### Exercise goal
Restate word for word the lines that run from the one containing "line L4 (1110, 0) -> (1104, 0)" to the last line of the data, both ends included.

════════

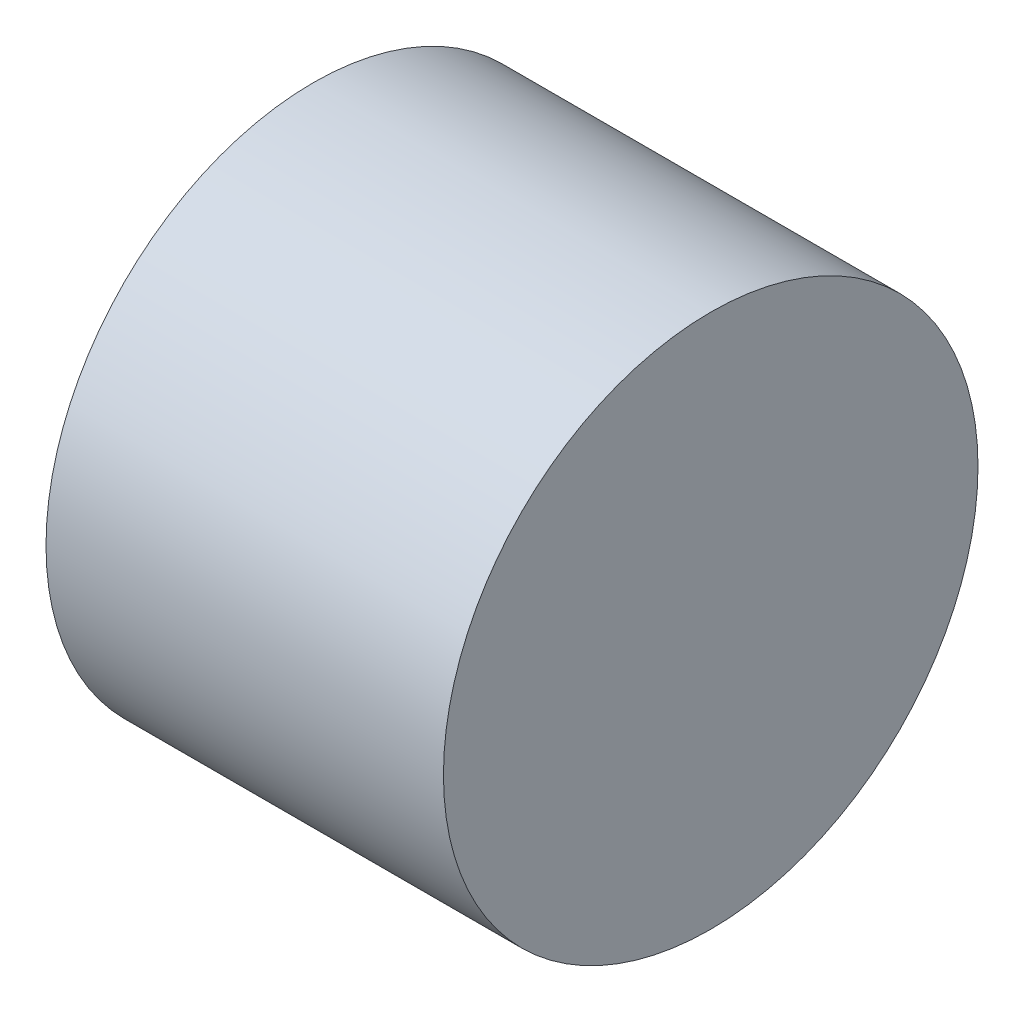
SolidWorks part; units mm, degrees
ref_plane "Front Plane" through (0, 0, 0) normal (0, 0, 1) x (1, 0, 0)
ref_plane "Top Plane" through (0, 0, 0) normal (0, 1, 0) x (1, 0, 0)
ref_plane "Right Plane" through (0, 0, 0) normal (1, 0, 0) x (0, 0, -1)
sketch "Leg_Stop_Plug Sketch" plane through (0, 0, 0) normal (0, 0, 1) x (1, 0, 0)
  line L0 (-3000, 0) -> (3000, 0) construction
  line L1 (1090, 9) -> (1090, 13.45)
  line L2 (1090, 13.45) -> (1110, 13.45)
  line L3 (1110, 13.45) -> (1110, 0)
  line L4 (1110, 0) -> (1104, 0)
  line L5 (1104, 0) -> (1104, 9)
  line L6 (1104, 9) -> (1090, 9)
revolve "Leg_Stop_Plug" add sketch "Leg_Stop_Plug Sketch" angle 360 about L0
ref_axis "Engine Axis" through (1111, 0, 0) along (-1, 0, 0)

════════

### Problem solution
  line L4 (1110, 0) -> (1104, 0)
  line L5 (1104, 0) -> (1104, 9)
  line L6 (1104, 9) -> (1090, 9)
revolve "Leg_Stop_Plug" add sketch "Leg_Stop_Plug Sketch" angle 360 about L0
ref_axis "Engine Axis" through (1111, 0, 0) along (-1, 0, 0)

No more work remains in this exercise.